*** TASK DATA ***

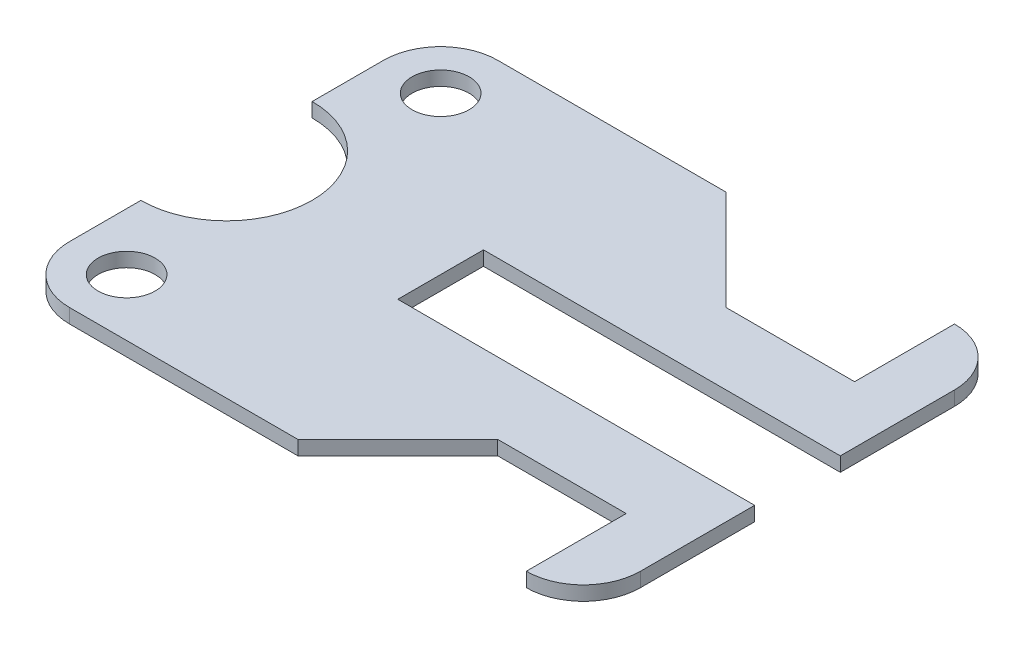
ISO-10303-21;
HEADER;
FILE_DESCRIPTION(('STEP AP214'),'2;1');
FILE_NAME('part.step','',(''),(''),'','','');
FILE_SCHEMA(('AUTOMOTIVE_DESIGN { 1 0 10303 214 1 1 1 1 }'));
ENDSEC;
DATA;
#1=APPLICATION_CONTEXT('core data for automotive mechanical design processes');
#2=APPLICATION_PROTOCOL_DEFINITION('international standard','automotive_design',2000,#1);
#3=PRODUCT_CONTEXT('',#1,'mechanical');
#4=PRODUCT('Part','Part','',(#3));
#5=PRODUCT_RELATED_PRODUCT_CATEGORY('part','',(#4));
#6=PRODUCT_DEFINITION_FORMATION('','',#4);
#7=PRODUCT_DEFINITION_CONTEXT('part definition',#1,'design');
#8=PRODUCT_DEFINITION('design','',#6,#7);
#9=PRODUCT_DEFINITION_SHAPE('','',#8);
#10=(LENGTH_UNIT() NAMED_UNIT(*) SI_UNIT(.MILLI.,.METRE.));
#11=(NAMED_UNIT(*) PLANE_ANGLE_UNIT() SI_UNIT($,.RADIAN.));
#12=(NAMED_UNIT(*) SI_UNIT($,.STERADIAN.) SOLID_ANGLE_UNIT());
#13=UNCERTAINTY_MEASURE_WITH_UNIT(LENGTH_MEASURE(1.E-05),#10,'distance_accuracy_value','');
#14=(GEOMETRIC_REPRESENTATION_CONTEXT(3) GLOBAL_UNCERTAINTY_ASSIGNED_CONTEXT((#13)) GLOBAL_UNIT_ASSIGNED_CONTEXT((#10,
#11,#12)) REPRESENTATION_CONTEXT('',''));
#15=CARTESIAN_POINT('',(0.,0.,0.));
#16=DIRECTION('',(0.,0.,1.));
#17=DIRECTION('',(1.,0.,0.));
#18=AXIS2_PLACEMENT_3D('',#15,#16,#17);
#19=CARTESIAN_POINT('',(16.,1.,11.));
#20=DIRECTION('',(0.,1.,0.));
#21=DIRECTION('',(0.,0.,1.));
#22=AXIS2_PLACEMENT_3D('',#19,#20,#21);
#23=PLANE('',#22);
#24=CARTESIAN_POINT('',(-16.,1.,11.));
#25=DIRECTION('',(0.,1.,0.));
#26=DIRECTION('',(0.,0.,1.));
#27=AXIS2_PLACEMENT_3D('',#24,#25,#26);
#28=CIRCLE('',#27,2.);
#29=CARTESIAN_POINT('',(-16.,1.,13.));
#30=VERTEX_POINT('',#29);
#31=EDGE_CURVE('E208',#30,#30,#28,.T.);
#32=ORIENTED_EDGE('',*,*,#31,.F.);
#33=EDGE_LOOP('',(#32));
#34=FACE_BOUND('',#33,.T.);
#35=CARTESIAN_POINT('',(16.,1.,11.));
#36=DIRECTION('',(0.,1.,0.));
#37=DIRECTION('',(0.,0.,1.));
#38=AXIS2_PLACEMENT_3D('',#35,#36,#37);
#39=CIRCLE('',#38,4.);
#40=CARTESIAN_POINT('',(16.,1.,15.));
#41=VERTEX_POINT('',#40);
#42=CARTESIAN_POINT('',(20.,1.,11.));
#43=VERTEX_POINT('',#42);
#44=EDGE_CURVE('E243',#41,#43,#39,.T.);
#45=ORIENTED_EDGE('',*,*,#44,.T.);
#46=DIRECTION('',(0.,0.,-1.));
#47=VECTOR('',#46,1.);
#48=CARTESIAN_POINT('',(20.,1.,11.));
#49=LINE('',#48,#47);
#50=CARTESIAN_POINT('',(20.,1.,3.));
#51=VERTEX_POINT('',#50);
#52=EDGE_CURVE('E131',#43,#51,#49,.T.);
#53=ORIENTED_EDGE('',*,*,#52,.T.);
#54=DIRECTION('',(-1.,0.,0.));
#55=VECTOR('',#54,1.);
#56=CARTESIAN_POINT('',(20.,1.,3.));
#57=LINE('',#56,#55);
#58=CARTESIAN_POINT('',(-5.,1.,3.));
#59=VERTEX_POINT('',#58);
#60=EDGE_CURVE('E294',#51,#59,#57,.T.);
#61=ORIENTED_EDGE('',*,*,#60,.T.);
#62=DIRECTION('',(0.,0.,-1.));
#63=VECTOR('',#62,1.);
#64=CARTESIAN_POINT('',(-5.,1.,-3.));
#65=LINE('',#64,#63);
#66=CARTESIAN_POINT('',(-5.,1.,-3.));
#67=VERTEX_POINT('',#66);
#68=EDGE_CURVE('E313',#59,#67,#65,.T.);
#69=ORIENTED_EDGE('',*,*,#68,.T.);
#70=DIRECTION('',(1.,0.,0.));
#71=VECTOR('',#70,1.);
#72=CARTESIAN_POINT('',(20.,1.,-3.));
#73=LINE('',#72,#71);
#74=CARTESIAN_POINT('',(20.,1.,-3.));
#75=VERTEX_POINT('',#74);
#76=EDGE_CURVE('E310',#67,#75,#73,.T.);
#77=ORIENTED_EDGE('',*,*,#76,.T.);
#78=DIRECTION('',(0.,0.,-1.));
#79=VECTOR('',#78,1.);
#80=CARTESIAN_POINT('',(20.,1.,-3.));
#81=LINE('',#80,#79);
#82=CARTESIAN_POINT('',(20.,1.,-11.));
#83=VERTEX_POINT('',#82);
#84=EDGE_CURVE('E312',#75,#83,#81,.T.);
#85=ORIENTED_EDGE('',*,*,#84,.T.);
#86=CARTESIAN_POINT('',(16.,1.,-11.));
#87=DIRECTION('',(0.,1.,0.));
#88=DIRECTION('',(0.,0.,-1.));
#89=AXIS2_PLACEMENT_3D('',#86,#87,#88);
#90=CIRCLE('',#89,4.);
#91=CARTESIAN_POINT('',(16.,1.,-15.));
#92=VERTEX_POINT('',#91);
#93=EDGE_CURVE('E315',#83,#92,#90,.T.);
#94=ORIENTED_EDGE('',*,*,#93,.T.);
#95=DIRECTION('',(0.,0.,1.));
#96=VECTOR('',#95,1.);
#97=CARTESIAN_POINT('',(16.,1.,-8.));
#98=LINE('',#97,#96);
#99=CARTESIAN_POINT('',(16.,1.,-8.));
#100=VERTEX_POINT('',#99);
#101=EDGE_CURVE('E321',#92,#100,#98,.T.);
#102=ORIENTED_EDGE('',*,*,#101,.T.);
#103=DIRECTION('',(-1.,0.,0.));
#104=VECTOR('',#103,1.);
#105=CARTESIAN_POINT('',(6.99999999999998,1.,-8.));
#106=LINE('',#105,#104);
#107=CARTESIAN_POINT('',(6.99999999999998,1.,-8.));
#108=VERTEX_POINT('',#107);
#109=EDGE_CURVE('E323',#100,#108,#106,.T.);
#110=ORIENTED_EDGE('',*,*,#109,.T.);
#111=DIRECTION('',(-0.707106781186546,0.,-0.707106781186549));
#112=VECTOR('',#111,1.);
#113=CARTESIAN_POINT('',(0.,1.,-15.));
#114=LINE('',#113,#112);
#115=CARTESIAN_POINT('',(0.,1.,-15.));
#116=VERTEX_POINT('',#115);
#117=EDGE_CURVE('E325',#108,#116,#114,.T.);
#118=ORIENTED_EDGE('',*,*,#117,.T.);
#119=DIRECTION('',(-1.,0.,0.));
#120=VECTOR('',#119,1.);
#121=CARTESIAN_POINT('',(-16.,1.,-15.));
#122=LINE('',#121,#120);
#123=CARTESIAN_POINT('',(-16.,1.,-15.));
#124=VERTEX_POINT('',#123);
#125=EDGE_CURVE('E327',#116,#124,#122,.T.);
#126=ORIENTED_EDGE('',*,*,#125,.T.);
#127=CARTESIAN_POINT('',(-16.,1.,-11.));
#128=DIRECTION('',(0.,1.,0.));
#129=DIRECTION('',(0.,0.,-1.));
#130=AXIS2_PLACEMENT_3D('',#127,#128,#129);
#131=CIRCLE('',#130,4.);
#132=CARTESIAN_POINT('',(-20.,1.,-11.));
#133=VERTEX_POINT('',#132);
#134=EDGE_CURVE('E329',#124,#133,#131,.T.);
#135=ORIENTED_EDGE('',*,*,#134,.T.);
#136=DIRECTION('',(0.,0.,1.));
#137=VECTOR('',#136,1.);
#138=CARTESIAN_POINT('',(-20.,1.,-6.));
#139=LINE('',#138,#137);
#140=CARTESIAN_POINT('',(-20.,1.,-6.));
#141=VERTEX_POINT('',#140);
#142=EDGE_CURVE('E331',#133,#141,#139,.T.);
#143=ORIENTED_EDGE('',*,*,#142,.T.);
#144=CARTESIAN_POINT('',(-20.,1.,0.));
#145=DIRECTION('',(0.,-1.,0.));
#146=DIRECTION('',(0.,0.,1.));
#147=AXIS2_PLACEMENT_3D('',#144,#145,#146);
#148=CIRCLE('',#147,6.);
#149=CARTESIAN_POINT('',(-20.,1.,6.));
#150=VERTEX_POINT('',#149);
#151=EDGE_CURVE('E333',#141,#150,#148,.T.);
#152=ORIENTED_EDGE('',*,*,#151,.T.);
#153=DIRECTION('',(0.,0.,1.));
#154=VECTOR('',#153,1.);
#155=CARTESIAN_POINT('',(-20.,1.,11.));
#156=LINE('',#155,#154);
#157=CARTESIAN_POINT('',(-20.,1.,11.));
#158=VERTEX_POINT('',#157);
#159=EDGE_CURVE('E335',#150,#158,#156,.T.);
#160=ORIENTED_EDGE('',*,*,#159,.T.);
#161=CARTESIAN_POINT('',(-16.,1.,11.));
#162=DIRECTION('',(0.,1.,0.));
#163=DIRECTION('',(0.,0.,-1.));
#164=AXIS2_PLACEMENT_3D('',#161,#162,#163);
#165=CIRCLE('',#164,4.);
#166=CARTESIAN_POINT('',(-16.,1.,15.));
#167=VERTEX_POINT('',#166);
#168=EDGE_CURVE('E337',#158,#167,#165,.T.);
#169=ORIENTED_EDGE('',*,*,#168,.T.);
#170=DIRECTION('',(1.,0.,0.));
#171=VECTOR('',#170,1.);
#172=CARTESIAN_POINT('',(-16.,1.,15.));
#173=LINE('',#172,#171);
#174=CARTESIAN_POINT('',(0.,1.,15.));
#175=VERTEX_POINT('',#174);
#176=EDGE_CURVE('E186',#167,#175,#173,.T.);
#177=ORIENTED_EDGE('',*,*,#176,.T.);
#178=DIRECTION('',(0.707106781186546,0.,-0.707106781186549));
#179=VECTOR('',#178,1.);
#180=CARTESIAN_POINT('',(0.,1.,15.));
#181=LINE('',#180,#179);
#182=CARTESIAN_POINT('',(6.99999999999996,1.,8.));
#183=VERTEX_POINT('',#182);
#184=EDGE_CURVE('E180',#175,#183,#181,.T.);
#185=ORIENTED_EDGE('',*,*,#184,.T.);
#186=DIRECTION('',(1.,0.,0.));
#187=VECTOR('',#186,1.);
#188=CARTESIAN_POINT('',(6.99999999999996,1.,8.));
#189=LINE('',#188,#187);
#190=CARTESIAN_POINT('',(16.,1.,8.));
#191=VERTEX_POINT('',#190);
#192=EDGE_CURVE('E184',#183,#191,#189,.T.);
#193=ORIENTED_EDGE('',*,*,#192,.T.);
#194=DIRECTION('',(0.,0.,1.));
#195=VECTOR('',#194,1.);
#196=CARTESIAN_POINT('',(16.,1.,8.));
#197=LINE('',#196,#195);
#198=EDGE_CURVE('E52',#191,#41,#197,.T.);
#199=ORIENTED_EDGE('',*,*,#198,.T.);
#200=EDGE_LOOP('',(#45,#53,#61,#69,#77,#85,#94,#102,#110,#118,#126,#135,#143,#152,#160,#169,
#177,#185,#193,#199));
#201=FACE_BOUND('',#200,.T.);
#202=CARTESIAN_POINT('',(-16.,1.,-11.));
#203=DIRECTION('',(0.,1.,0.));
#204=DIRECTION('',(0.,0.,1.));
#205=AXIS2_PLACEMENT_3D('',#202,#203,#204);
#206=CIRCLE('',#205,2.);
#207=CARTESIAN_POINT('',(-16.,1.,-9.));
#208=VERTEX_POINT('',#207);
#209=EDGE_CURVE('E379',#208,#208,#206,.T.);
#210=ORIENTED_EDGE('',*,*,#209,.F.);
#211=EDGE_LOOP('',(#210));
#212=FACE_BOUND('',#211,.T.);
#213=ADVANCED_FACE('F35',(#34,#201,#212),#23,.T.);
#214=CARTESIAN_POINT('',(16.,0.,11.));
#215=DIRECTION('',(0.,1.,0.));
#216=DIRECTION('',(0.,0.,1.));
#217=AXIS2_PLACEMENT_3D('',#214,#215,#216);
#218=PLANE('',#217);
#219=CARTESIAN_POINT('',(16.,0.,11.));
#220=DIRECTION('',(0.,1.,0.));
#221=DIRECTION('',(0.,0.,1.));
#222=AXIS2_PLACEMENT_3D('',#219,#220,#221);
#223=CIRCLE('',#222,4.);
#224=CARTESIAN_POINT('',(16.,0.,15.));
#225=VERTEX_POINT('',#224);
#226=CARTESIAN_POINT('',(20.,0.,11.));
#227=VERTEX_POINT('',#226);
#228=EDGE_CURVE('E204',#225,#227,#223,.T.);
#229=ORIENTED_EDGE('',*,*,#228,.F.);
#230=DIRECTION('',(0.,0.,1.));
#231=VECTOR('',#230,1.);
#232=CARTESIAN_POINT('',(16.,0.,8.));
#233=LINE('',#232,#231);
#234=CARTESIAN_POINT('',(16.,0.,8.));
#235=VERTEX_POINT('',#234);
#236=EDGE_CURVE('E123',#235,#225,#233,.T.);
#237=ORIENTED_EDGE('',*,*,#236,.F.);
#238=DIRECTION('',(1.,0.,0.));
#239=VECTOR('',#238,1.);
#240=CARTESIAN_POINT('',(6.99999999999996,0.,8.));
#241=LINE('',#240,#239);
#242=CARTESIAN_POINT('',(6.99999999999996,0.,8.));
#243=VERTEX_POINT('',#242);
#244=EDGE_CURVE('E117',#243,#235,#241,.T.);
#245=ORIENTED_EDGE('',*,*,#244,.F.);
#246=DIRECTION('',(0.707106781186546,0.,-0.707106781186549));
#247=VECTOR('',#246,1.);
#248=CARTESIAN_POINT('',(0.,0.,15.));
#249=LINE('',#248,#247);
#250=CARTESIAN_POINT('',(0.,0.,15.));
#251=VERTEX_POINT('',#250);
#252=EDGE_CURVE('E194',#251,#243,#249,.T.);
#253=ORIENTED_EDGE('',*,*,#252,.F.);
#254=DIRECTION('',(1.,0.,0.));
#255=VECTOR('',#254,1.);
#256=CARTESIAN_POINT('',(-16.,0.,15.));
#257=LINE('',#256,#255);
#258=CARTESIAN_POINT('',(-16.,0.,15.));
#259=VERTEX_POINT('',#258);
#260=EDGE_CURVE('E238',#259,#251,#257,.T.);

*** End of TASK DATA ***

▶ YOUR TASK:
Once you find the line with "#53=ORIENTED_EDGE('',*,*,#52,.T.);" above, print it and every line after it up to and including the line with "#60=EDGE_CURVE('E294',#51,#59,#57,.T.);", exactly as written and nothing else.

▶ WORKED SOLUTION:
#53=ORIENTED_EDGE('',*,*,#52,.T.);
#54=DIRECTION('',(-1.,0.,0.));
#55=VECTOR('',#54,1.);
#56=CARTESIAN_POINT('',(20.,1.,3.));
#57=LINE('',#56,#55);
#58=CARTESIAN_POINT('',(-5.,1.,3.));
#59=VERTEX_POINT('',#58);
#60=EDGE_CURVE('E294',#51,#59,#57,.T.);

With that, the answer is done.